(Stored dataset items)
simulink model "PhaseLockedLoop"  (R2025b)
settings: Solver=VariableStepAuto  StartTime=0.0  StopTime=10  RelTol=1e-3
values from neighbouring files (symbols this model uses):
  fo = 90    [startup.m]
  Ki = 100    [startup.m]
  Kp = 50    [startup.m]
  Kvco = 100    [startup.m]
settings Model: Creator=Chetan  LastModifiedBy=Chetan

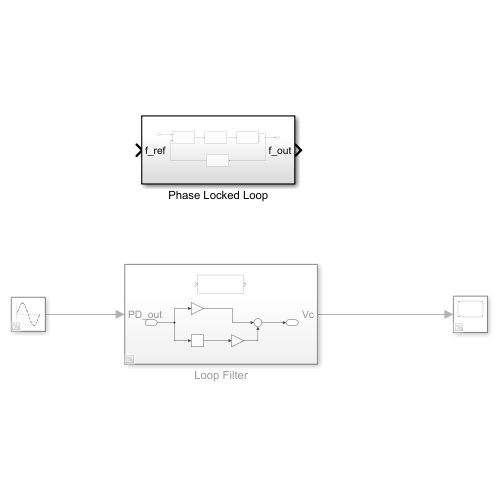
[thumbnail: Simulink's stored preview of the top-level diagram]
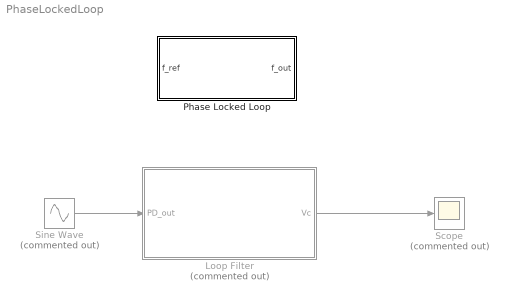
== system PhaseLockedLoop ==
  Loop Filter : Subsystem  Commented=on
  Phase Locked Loop : Subsystem
  Scope : Scope  Commented=on
      settings: ActiveDisplayYMinimum=-36.249999999999993  ActiveDisplayYMaximum=326.25
  Sine Wave : Sin  Commented=on  SampleTime=0
  wires:
  Loop Filter/1(Vc) -> Scope/1
  Sine Wave/1 -> Loop Filter/1(PD_out)

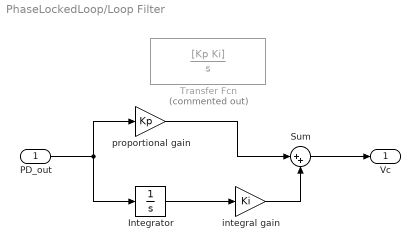
== system PhaseLockedLoop/Loop Filter ==
  PD_out : Inport
  Integrator : Integrator
  Sum : Sum  Inputs=|++
  Transfer Fcn : TransferFcn  Commented=on  Numerator=[Kp Ki]  Denominator=[1 0]  ContinuousStateAttributes='e'
  integral gain : Gain  Gain=Ki
  proportional gain : Gain  Gain=Kp
  Vc : Outport
  wires:
  PD_out/1 -> proportional gain/1, Integrator/1
  Sum/1 -> Vc/1
  Integrator/1 -> integral gain/1
  integral gain/1 -> Sum/2
  proportional gain/1 -> Sum/1

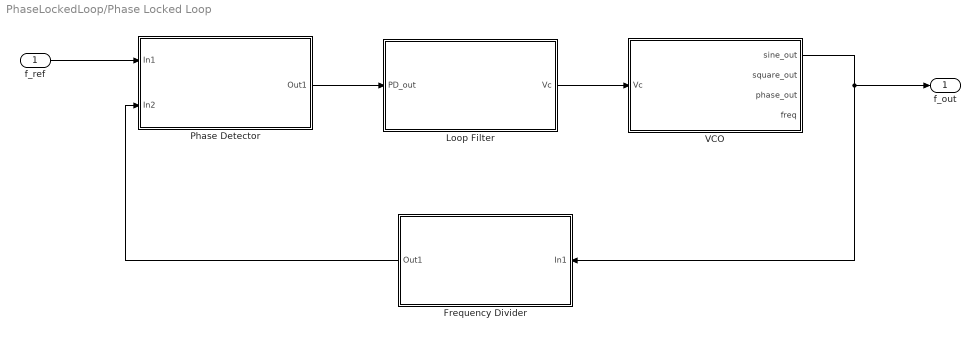
== system PhaseLockedLoop/Phase Locked Loop ==
  f_ref : Inport
  Frequency Divider : Subsystem
  Loop Filter : Subsystem
  Phase Detector : Subsystem
  VCO : Subsystem
  f_out : Outport
  wires:
  Frequency Divider/1(Out1) -> Phase Detector/2(In2)
  VCO/1(sine_out) -> f_out/1, Frequency Divider/1(In1)
  Phase Detector/1(Out1) -> Loop Filter/1(PD_out)
  Loop Filter/1(Vc) -> VCO/1(Vc)
  f_ref/1 -> Phase Detector/1(In1)

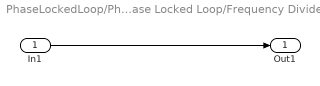
== system PhaseLockedLoop/Phase Locked Loop/Frequency Divider ==
  In1 : Inport
  Out1 : Outport
  wires:
  In1/1 -> Out1/1

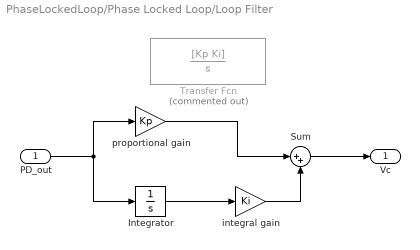
== system PhaseLockedLoop/Phase Locked Loop/Loop Filter ==
  PD_out : Inport
  Integrator : Integrator
  Sum : Sum  Inputs=|++
  Transfer Fcn : TransferFcn  Commented=on  Numerator=[Kp Ki]  Denominator=[1 0]  ContinuousStateAttributes='e'
  integral gain : Gain  Gain=Ki
  proportional gain : Gain  Gain=Kp
  Vc : Outport
  wires:
  PD_out/1 -> proportional gain/1, Integrator/1
  Sum/1 -> Vc/1
  Integrator/1 -> integral gain/1
  integral gain/1 -> Sum/2
  proportional gain/1 -> Sum/1

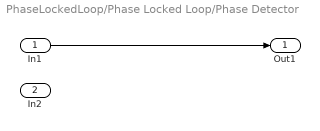
== system PhaseLockedLoop/Phase Locked Loop/Phase Detector ==
  In1 : Inport
  In2 : Inport  Port=2
  Out1 : Outport
  wires:
  In1/1 -> Out1/1

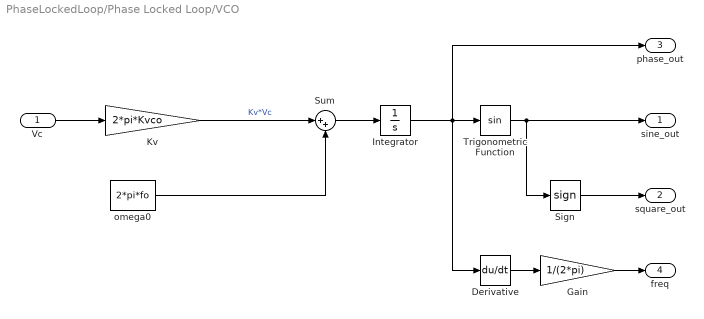
== system PhaseLockedLoop/Phase Locked Loop/VCO ==
  Vc : Inport
  Derivative : Derivative
  Gain : Gain  Gain=1/(2*pi)
  Integrator : Integrator
  Kv : Gain  Gain=2*pi*Kvco
  Sign : Signum
  Sum : Sum  Inputs=|++
  Trigonometric Function : Trigonometry
  omega0 : Constant  Value=2*pi*fo
  sine_out : Outport
  square_out : Outport  Port=2
  phase_out : Outport  Port=3
  freq : Outport  Port=4
  wires:
  Vc/1 -> Kv/1
  Kv/1 -> Sum/1  "Kv*Vc"
  Sum/1 -> Integrator/1
  omega0/1 -> Sum/2
  Integrator/1 -> Derivative/1, phase_out/1, Trigonometric Function/1
  Trigonometric Function/1 -> Sign/1, sine_out/1
  Sign/1 -> square_out/1
  Derivative/1 -> Gain/1
  Gain/1 -> freq/1

### WHAT THE TASK REQUIRES
The answer should match the data above word for word, with no pictures in it.

### TASK SOLUTION
simulink model "PhaseLockedLoop"  (R2025b)
settings: Solver=VariableStepAuto  StartTime=0.0  StopTime=10  RelTol=1e-3
values from neighbouring files (symbols this model uses):
  fo = 90    [startup.m]
  Ki = 100    [startup.m]
  Kp = 50    [startup.m]
  Kvco = 100    [startup.m]
settings Model: Creator=Chetan  LastModifiedBy=Chetan

[thumbnail: Simulink's stored preview of the top-level diagram]
== system PhaseLockedLoop ==
  Loop Filter : Subsystem  Commented=on
  Phase Locked Loop : Subsystem
  Scope : Scope  Commented=on
      settings: ActiveDisplayYMinimum=-36.249999999999993  ActiveDisplayYMaximum=326.25
  Sine Wave : Sin  Commented=on  SampleTime=0
  wires:
  Loop Filter/1(Vc) -> Scope/1
  Sine Wave/1 -> Loop Filter/1(PD_out)

== system PhaseLockedLoop/Loop Filter ==
  PD_out : Inport
  Integrator : Integrator
  Sum : Sum  Inputs=|++
  Transfer Fcn : TransferFcn  Commented=on  Numerator=[Kp Ki]  Denominator=[1 0]  ContinuousStateAttributes='e'
  integral gain : Gain  Gain=Ki
  proportional gain : Gain  Gain=Kp
  Vc : Outport
  wires:
  PD_out/1 -> proportional gain/1, Integrator/1
  Sum/1 -> Vc/1
  Integrator/1 -> integral gain/1
  integral gain/1 -> Sum/2
  proportional gain/1 -> Sum/1

== system PhaseLockedLoop/Phase Locked Loop ==
  f_ref : Inport
  Frequency Divider : Subsystem
  Loop Filter : Subsystem
  Phase Detector : Subsystem
  VCO : Subsystem
  f_out : Outport
  wires:
  Frequency Divider/1(Out1) -> Phase Detector/2(In2)
  VCO/1(sine_out) -> f_out/1, Frequency Divider/1(In1)
  Phase Detector/1(Out1) -> Loop Filter/1(PD_out)
  Loop Filter/1(Vc) -> VCO/1(Vc)
  f_ref/1 -> Phase Detector/1(In1)

== system PhaseLockedLoop/Phase Locked Loop/Frequency Divider ==
  In1 : Inport
  Out1 : Outport
  wires:
  In1/1 -> Out1/1

== system PhaseLockedLoop/Phase Locked Loop/Loop Filter ==
  PD_out : Inport
  Integrator : Integrator
  Sum : Sum  Inputs=|++
  Transfer Fcn : TransferFcn  Commented=on  Numerator=[Kp Ki]  Denominator=[1 0]  ContinuousStateAttributes='e'
  integral gain : Gain  Gain=Ki
  proportional gain : Gain  Gain=Kp
  Vc : Outport
  wires:
  PD_out/1 -> proportional gain/1, Integrator/1
  Sum/1 -> Vc/1
  Integrator/1 -> integral gain/1
  integral gain/1 -> Sum/2
  proportional gain/1 -> Sum/1

== system PhaseLockedLoop/Phase Locked Loop/Phase Detector ==
  In1 : Inport
  In2 : Inport  Port=2
  Out1 : Outport
  wires:
  In1/1 -> Out1/1

== system PhaseLockedLoop/Phase Locked Loop/VCO ==
  Vc : Inport
  Derivative : Derivative
  Gain : Gain  Gain=1/(2*pi)
  Integrator : Integrator
  Kv : Gain  Gain=2*pi*Kvco
  Sign : Signum
  Sum : Sum  Inputs=|++
  Trigonometric Function : Trigonometry
  omega0 : Constant  Value=2*pi*fo
  sine_out : Outport
  square_out : Outport  Port=2
  phase_out : Outport  Port=3
  freq : Outport  Port=4
  wires:
  Vc/1 -> Kv/1
  Kv/1 -> Sum/1  "Kv*Vc"
  Sum/1 -> Integrator/1
  omega0/1 -> Sum/2
  Integrator/1 -> Derivative/1, phase_out/1, Trigonometric Function/1
  Trigonometric Function/1 -> Sign/1, sine_out/1
  Sign/1 -> square_out/1
  Derivative/1 -> Gain/1
  Gain/1 -> freq/1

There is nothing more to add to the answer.